━━━ DATASET ENTRIES

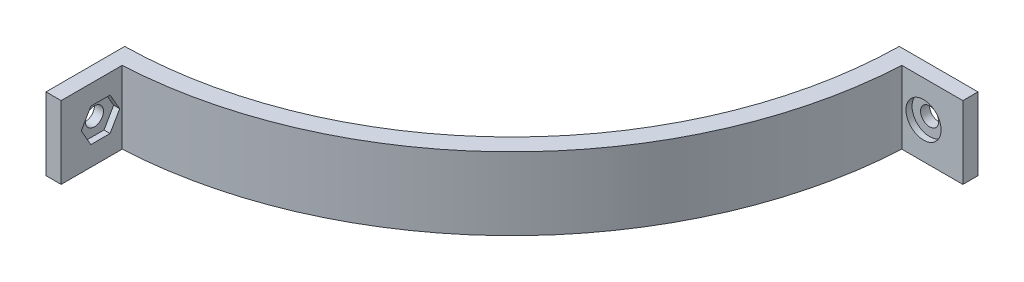
ISO-10303-21;
HEADER;
FILE_DESCRIPTION(('STEP AP214'),'2;1');
FILE_NAME('part.step','',(''),(''),'','','');
FILE_SCHEMA(('AUTOMOTIVE_DESIGN { 1 0 10303 214 1 1 1 1 }'));
ENDSEC;
DATA;
#1=APPLICATION_CONTEXT('core data for automotive mechanical design processes');
#2=APPLICATION_PROTOCOL_DEFINITION('international standard','automotive_design',2000,#1);
#3=PRODUCT_CONTEXT('',#1,'mechanical');
#4=PRODUCT('Part','Part','',(#3));
#5=PRODUCT_RELATED_PRODUCT_CATEGORY('part','',(#4));
#6=PRODUCT_DEFINITION_FORMATION('','',#4);
#7=PRODUCT_DEFINITION_CONTEXT('part definition',#1,'design');
#8=PRODUCT_DEFINITION('design','',#6,#7);
#9=PRODUCT_DEFINITION_SHAPE('','',#8);
#10=(LENGTH_UNIT() NAMED_UNIT(*) SI_UNIT(.MILLI.,.METRE.));
#11=(NAMED_UNIT(*) PLANE_ANGLE_UNIT() SI_UNIT($,.RADIAN.));
#12=(NAMED_UNIT(*) SI_UNIT($,.STERADIAN.) SOLID_ANGLE_UNIT());
#13=UNCERTAINTY_MEASURE_WITH_UNIT(LENGTH_MEASURE(1.E-05),#10,'distance_accuracy_value','');
#14=(GEOMETRIC_REPRESENTATION_CONTEXT(3) GLOBAL_UNCERTAINTY_ASSIGNED_CONTEXT((#13)) GLOBAL_UNIT_ASSIGNED_CONTEXT((#10,
#11,#12)) REPRESENTATION_CONTEXT('',''));
#15=CARTESIAN_POINT('',(0.,0.,0.));
#16=DIRECTION('',(0.,0.,1.));
#17=DIRECTION('',(1.,0.,0.));
#18=AXIS2_PLACEMENT_3D('',#15,#16,#17);
#19=CARTESIAN_POINT('',(0.,25.,0.));
#20=DIRECTION('',(0.,1.,0.));
#21=DIRECTION('',(0.,0.,1.));
#22=AXIS2_PLACEMENT_3D('',#19,#20,#21);
#23=PLANE('',#22);
#24=CARTESIAN_POINT('',(0.,25.,0.));
#25=DIRECTION('',(0.,1.,0.));
#26=DIRECTION('',(0.,0.,1.));
#27=AXIS2_PLACEMENT_3D('',#24,#25,#26);
#28=CIRCLE('',#27,65.);
#29=CARTESIAN_POINT('',(1.00000000000071,25.,64.9923072370877));
#30=VERTEX_POINT('',#29);
#31=CARTESIAN_POINT('',(64.9923072370877,25.,1.));
#32=VERTEX_POINT('',#31);
#33=EDGE_CURVE('E158',#30,#32,#28,.T.);
#34=ORIENTED_EDGE('',*,*,#33,.F.);
#35=DIRECTION('',(0.,0.,1.));
#36=VECTOR('',#35,1.);
#37=CARTESIAN_POINT('',(1.00000000000071,25.,68.));
#38=LINE('',#37,#36);
#39=CARTESIAN_POINT('',(1.00000000000082,25.,78.));
#40=VERTEX_POINT('',#39);
#41=EDGE_CURVE('E141',#30,#40,#38,.T.);
#42=ORIENTED_EDGE('',*,*,#41,.T.);
#43=DIRECTION('',(-1.,0.,0.));
#44=VECTOR('',#43,1.);
#45=CARTESIAN_POINT('',(-3.49999999999918,25.,78.));
#46=LINE('',#45,#44);
#47=CARTESIAN_POINT('',(3.50000000000082,25.,78.));
#48=VERTEX_POINT('',#47);
#49=EDGE_CURVE('E177',#48,#40,#46,.T.);
#50=ORIENTED_EDGE('',*,*,#49,.F.);
#51=DIRECTION('',(0.,0.,-1.));
#52=VECTOR('',#51,1.);
#53=CARTESIAN_POINT('',(3.50000000000082,25.,78.));
#54=LINE('',#53,#52);
#55=CARTESIAN_POINT('',(3.50000000000071,25.,67.9098667352543));
#56=VERTEX_POINT('',#55);
#57=EDGE_CURVE('E11',#48,#56,#54,.T.);
#58=ORIENTED_EDGE('',*,*,#57,.T.);
#59=CARTESIAN_POINT('',(0.,25.,0.));
#60=DIRECTION('',(0.,1.,0.));
#61=DIRECTION('',(0.,0.,1.));
#62=AXIS2_PLACEMENT_3D('',#59,#60,#61);
#63=CIRCLE('',#62,68.);
#64=CARTESIAN_POINT('',(67.9098667352543,25.,3.5));
#65=VERTEX_POINT('',#64);
#66=EDGE_CURVE('E166',#56,#65,#63,.T.);
#67=ORIENTED_EDGE('',*,*,#66,.T.);
#68=DIRECTION('',(-1.,0.,0.));
#69=VECTOR('',#68,1.);
#70=CARTESIAN_POINT('',(78.,25.,3.5));
#71=LINE('',#70,#69);
#72=CARTESIAN_POINT('',(78.,25.,3.5));
#73=VERTEX_POINT('',#72);
#74=EDGE_CURVE('E167',#73,#65,#71,.T.);
#75=ORIENTED_EDGE('',*,*,#74,.F.);
#76=DIRECTION('',(0.,0.,1.));
#77=VECTOR('',#76,1.);
#78=CARTESIAN_POINT('',(78.,25.,3.5));
#79=LINE('',#78,#77);
#80=CARTESIAN_POINT('',(78.,25.,1.));
#81=VERTEX_POINT('',#80);
#82=EDGE_CURVE('E196',#81,#73,#79,.T.);
#83=ORIENTED_EDGE('',*,*,#82,.F.);
#84=DIRECTION('',(1.,0.,0.));
#85=VECTOR('',#84,1.);
#86=CARTESIAN_POINT('',(68.,25.,1.));
#87=LINE('',#86,#85);
#88=EDGE_CURVE('E164',#32,#81,#87,.T.);
#89=ORIENTED_EDGE('',*,*,#88,.F.);
#90=EDGE_LOOP('',(#34,#42,#50,#58,#67,#75,#83,#89));
#91=FACE_BOUND('',#90,.T.);
#92=ADVANCED_FACE('F37',(#91),#23,.T.);
#93=CARTESIAN_POINT('',(0.,25.,0.));
#94=DIRECTION('',(0.,-1.,0.));
#95=DIRECTION('',(0.,0.,-1.));
#96=AXIS2_PLACEMENT_3D('',#93,#94,#95);
#97=CYLINDRICAL_SURFACE('',#96,65.);
#98=DIRECTION('',(0.,-1.,0.));
#99=VECTOR('',#98,1.);
#100=CARTESIAN_POINT('',(1.00000000000071,25.,64.9923072370877));
#101=LINE('',#100,#99);
#102=CARTESIAN_POINT('',(1.00000000000071,13.,64.9923072370877));
#103=VERTEX_POINT('',#102);
#104=EDGE_CURVE('E145',#30,#103,#101,.T.);
#105=ORIENTED_EDGE('',*,*,#104,.F.);
#106=ORIENTED_EDGE('',*,*,#33,.T.);
#107=DIRECTION('',(0.,-1.,0.));
#108=VECTOR('',#107,1.);
#109=CARTESIAN_POINT('',(64.9923072370877,25.,1.));
#110=LINE('',#109,#108);
#111=CARTESIAN_POINT('',(64.9923072370877,13.,1.));
#112=VERTEX_POINT('',#111);
#113=EDGE_CURVE('E161',#112,#32,#110,.F.);
#114=ORIENTED_EDGE('',*,*,#113,.F.);
#115=CARTESIAN_POINT('',(0.,13.,0.));
#116=DIRECTION('',(0.,1.,0.));
#117=DIRECTION('',(0.,0.,1.));
#118=AXIS2_PLACEMENT_3D('',#115,#116,#117);
#119=CIRCLE('',#118,65.);
#120=EDGE_CURVE('E160',#103,#112,#119,.T.);
#121=ORIENTED_EDGE('',*,*,#120,.F.);
#122=EDGE_LOOP('',(#105,#106,#114,#121));
#123=FACE_BOUND('',#122,.T.);
#124=ADVANCED_FACE('F156',(#123),#97,.F.);
#125=CARTESIAN_POINT('',(0.,13.,0.));
#126=DIRECTION('',(0.,1.,0.));
#127=DIRECTION('',(0.,0.,1.));
#128=AXIS2_PLACEMENT_3D('',#125,#126,#127);
#129=PLANE('',#128);
#130=DIRECTION('',(0.,0.,1.));
#131=VECTOR('',#130,1.);
#132=CARTESIAN_POINT('',(1.00000000000071,13.,68.));
#133=LINE('',#132,#131);
#134=CARTESIAN_POINT('',(1.00000000000082,13.,78.));
#135=VERTEX_POINT('',#134);
#136=EDGE_CURVE('E270',#103,#135,#133,.T.);
#137=ORIENTED_EDGE('',*,*,#136,.F.);
#138=ORIENTED_EDGE('',*,*,#120,.T.);
#139=DIRECTION('',(-1.,0.,0.));
#140=VECTOR('',#139,1.);
#141=CARTESIAN_POINT('',(68.,13.,1.));
#142=LINE('',#141,#140);
#143=CARTESIAN_POINT('',(78.,13.,1.));
#144=VERTEX_POINT('',#143);
#145=EDGE_CURVE('E277',#144,#112,#142,.T.);
#146=ORIENTED_EDGE('',*,*,#145,.F.);
#147=DIRECTION('',(0.,0.,1.));
#148=VECTOR('',#147,1.);
#149=CARTESIAN_POINT('',(78.,13.,0.));
#150=LINE('',#149,#148);
#151=CARTESIAN_POINT('',(78.,13.,3.5));
#152=VERTEX_POINT('',#151);
#153=EDGE_CURVE('E275',#144,#152,#150,.T.);
#154=ORIENTED_EDGE('',*,*,#153,.T.);
#155=DIRECTION('',(1.,0.,0.));
#156=VECTOR('',#155,1.);
#157=CARTESIAN_POINT('',(78.,13.,3.5));
#158=LINE('',#157,#156);
#159=CARTESIAN_POINT('',(67.9098667352543,13.,3.5));
#160=VERTEX_POINT('',#159);
#161=EDGE_CURVE('E201',#160,#152,#158,.T.);
#162=ORIENTED_EDGE('',*,*,#161,.F.);
#163=CARTESIAN_POINT('',(0.,13.,0.));
#164=DIRECTION('',(0.,1.,0.));
#165=DIRECTION('',(0.,0.,1.));
#166=AXIS2_PLACEMENT_3D('',#163,#164,#165);
#167=CIRCLE('',#166,68.);
#168=CARTESIAN_POINT('',(3.50000000000071,13.,67.9098667352543));
#169=VERTEX_POINT('',#168);
#170=EDGE_CURVE('E186',#169,#160,#167,.T.);
#171=ORIENTED_EDGE('',*,*,#170,.F.);
#172=DIRECTION('',(0.,0.,-1.));
#173=VECTOR('',#172,1.);
#174=CARTESIAN_POINT('',(3.50000000000082,13.,78.));
#175=LINE('',#174,#173);
#176=CARTESIAN_POINT('',(3.50000000000082,13.,78.));
#177=VERTEX_POINT('',#176);
#178=EDGE_CURVE('E183',#177,#169,#175,.T.);
#179=ORIENTED_EDGE('',*,*,#178,.F.);
#180=DIRECTION('',(-1.,0.,0.));
#181=VECTOR('',#180,1.);
#182=CARTESIAN_POINT('',(8.17006633289293E-13,13.,78.));
#183=LINE('',#182,#181);
#184=EDGE_CURVE('E185',#177,#135,#183,.T.);
#185=ORIENTED_EDGE('',*,*,#184,.T.);
#186=EDGE_LOOP('',(#137,#138,#146,#154,#162,#171,#179,#185));
#187=FACE_BOUND('',#186,.T.);
#188=ADVANCED_FACE('F283',(#187),#129,.F.);
#189=CARTESIAN_POINT('',(3.50000000000082,25.,78.));
#190=DIRECTION('',(-1.,0.,0.));
#191=DIRECTION('',(0.,0.,1.));
#192=AXIS2_PLACEMENT_3D('',#189,#190,#191);
#193=PLANE('',#192);
#194=DIRECTION('',(0.,1.,0.));
#195=VECTOR('',#194,1.);
#196=CARTESIAN_POINT('',(3.50000000000082,25.,78.));
#197=LINE('',#196,#195);
#198=EDGE_CURVE('E153',#177,#48,#197,.T.);
#199=ORIENTED_EDGE('',*,*,#198,.F.);
#200=ORIENTED_EDGE('',*,*,#178,.T.);
#201=DIRECTION('',(0.,-1.,0.));
#202=VECTOR('',#201,1.);
#203=CARTESIAN_POINT('',(3.50000000000071,25.,67.9098667352543));
#204=LINE('',#203,#202);
#205=EDGE_CURVE('E45',#169,#56,#204,.F.);
#206=ORIENTED_EDGE('',*,*,#205,.T.);
#207=ORIENTED_EDGE('',*,*,#57,.F.);
#208=EDGE_LOOP('',(#199,#200,#206,#207));
#209=FACE_BOUND('',#208,.T.);
#210=DIRECTION('',(0.,0.866025403784438,-0.500000000000001));
#211=VECTOR('',#210,1.);
#212=CARTESIAN_POINT('',(3.50000000000073,16.25,69.9122867597285));
#213=LINE('',#212,#211);
#214=CARTESIAN_POINT('',(3.50000000000073,16.25,69.9122867597285));
#215=VERTEX_POINT('',#214);
#216=CARTESIAN_POINT('',(3.50000000000072,19.,68.324573519457));
#217=VERTEX_POINT('',#216);
#218=EDGE_CURVE('E264',#215,#217,#213,.T.);
#219=ORIENTED_EDGE('',*,*,#218,.F.);
#220=DIRECTION('',(0.,0.,-1.));
#221=VECTOR('',#220,1.);
#222=CARTESIAN_POINT('',(3.50000000000077,16.25,73.0877132402714));
#223=LINE('',#222,#221);
#224=CARTESIAN_POINT('',(3.50000000000077,16.25,73.0877132402714));
#225=VERTEX_POINT('',#224);
#226=EDGE_CURVE('E52',#225,#215,#223,.T.);
#227=ORIENTED_EDGE('',*,*,#226,.F.);
#228=DIRECTION('',(0.,-0.86602540378444,-0.499999999999997));
#229=VECTOR('',#228,1.);
#230=CARTESIAN_POINT('',(3.50000000000078,19.,74.6754264805429));
#231=LINE('',#230,#229);
#232=CARTESIAN_POINT('',(3.50000000000078,19.,74.6754264805429));
#233=VERTEX_POINT('',#232);
#234=EDGE_CURVE('E226',#233,#225,#231,.T.);
#235=ORIENTED_EDGE('',*,*,#234,.F.);
#236=DIRECTION('',(0.,-0.86602540378444,0.499999999999998));
#237=VECTOR('',#236,1.);
#238=CARTESIAN_POINT('',(3.50000000000077,21.75,73.0877132402714));
#239=LINE('',#238,#237);
#240=CARTESIAN_POINT('',(3.50000000000077,21.75,73.0877132402714));
#241=VERTEX_POINT('',#240);
#242=EDGE_CURVE('E231',#241,#233,#239,.T.);
#243=ORIENTED_EDGE('',*,*,#242,.F.);
#244=DIRECTION('',(0.,0.,1.));
#245=VECTOR('',#244,1.);
#246=CARTESIAN_POINT('',(3.50000000000073,21.75,69.9122867597285));
#247=LINE('',#246,#245);
#248=CARTESIAN_POINT('',(3.50000000000073,21.75,69.9122867597285));
#249=VERTEX_POINT('',#248);
#250=EDGE_CURVE('E236',#249,#241,#247,.T.);
#251=ORIENTED_EDGE('',*,*,#250,.F.);
#252=DIRECTION('',(0.,0.866025403784439,0.5));
#253=VECTOR('',#252,1.);
#254=CARTESIAN_POINT('',(3.50000000000072,19.,68.324573519457));
#255=LINE('',#254,#253);
#256=EDGE_CURVE('E241',#217,#249,#255,.T.);
#257=ORIENTED_EDGE('',*,*,#256,.F.);
#258=EDGE_LOOP('',(#219,#227,#235,#243,#251,#257));
#259=FACE_BOUND('',#258,.T.);
#260=ADVANCED_FACE('F39',(#209,#259),#193,.F.);
#261=CARTESIAN_POINT('',(0.,25.,0.));
#262=DIRECTION('',(0.,-1.,0.));
#263=DIRECTION('',(0.,0.,-1.));
#264=AXIS2_PLACEMENT_3D('',#261,#262,#263);
#265=CYLINDRICAL_SURFACE('',#264,68.);
#266=ORIENTED_EDGE('',*,*,#205,.F.);
#267=ORIENTED_EDGE('',*,*,#170,.T.);
#268=DIRECTION('',(0.,-1.,0.));
#269=VECTOR('',#268,1.);
#270=CARTESIAN_POINT('',(67.9098667352543,25.,3.5));
#271=LINE('',#270,#269);
#272=EDGE_CURVE('E193',#65,#160,#271,.T.);
#273=ORIENTED_EDGE('',*,*,#272,.F.);
#274=ORIENTED_EDGE('',*,*,#66,.F.);
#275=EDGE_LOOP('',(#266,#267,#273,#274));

━━━━━━

TASK DETAILS >>
The exact lines of the material above starting at the one that contains "#89=ORIENTED_EDGE('',*,*,#88,.F.);" and ending at the one that contains "#118=AXIS2_PLACEMENT_3D('',#115,#116,#117);" are what to retype; leave out everything else.

OUTPUT OF THE EXERCISE >>
#89=ORIENTED_EDGE('',*,*,#88,.F.);
#90=EDGE_LOOP('',(#34,#42,#50,#58,#67,#75,#83,#89));
#91=FACE_BOUND('',#90,.T.);
#92=ADVANCED_FACE('F37',(#91),#23,.T.);
#93=CARTESIAN_POINT('',(0.,25.,0.));
#94=DIRECTION('',(0.,-1.,0.));
#95=DIRECTION('',(0.,0.,-1.));
#96=AXIS2_PLACEMENT_3D('',#93,#94,#95);
#97=CYLINDRICAL_SURFACE('',#96,65.);
#98=DIRECTION('',(0.,-1.,0.));
#99=VECTOR('',#98,1.);
#100=CARTESIAN_POINT('',(1.00000000000071,25.,64.9923072370877));
#101=LINE('',#100,#99);
#102=CARTESIAN_POINT('',(1.00000000000071,13.,64.9923072370877));
#103=VERTEX_POINT('',#102);
#104=EDGE_CURVE('E145',#30,#103,#101,.T.);
#105=ORIENTED_EDGE('',*,*,#104,.F.);
#106=ORIENTED_EDGE('',*,*,#33,.T.);
#107=DIRECTION('',(0.,-1.,0.));
#108=VECTOR('',#107,1.);
#109=CARTESIAN_POINT('',(64.9923072370877,25.,1.));
#110=LINE('',#109,#108);
#111=CARTESIAN_POINT('',(64.9923072370877,13.,1.));
#112=VERTEX_POINT('',#111);
#113=EDGE_CURVE('E161',#112,#32,#110,.F.);
#114=ORIENTED_EDGE('',*,*,#113,.F.);
#115=CARTESIAN_POINT('',(0.,13.,0.));
#116=DIRECTION('',(0.,1.,0.));
#117=DIRECTION('',(0.,0.,1.));
#118=AXIS2_PLACEMENT_3D('',#115,#116,#117);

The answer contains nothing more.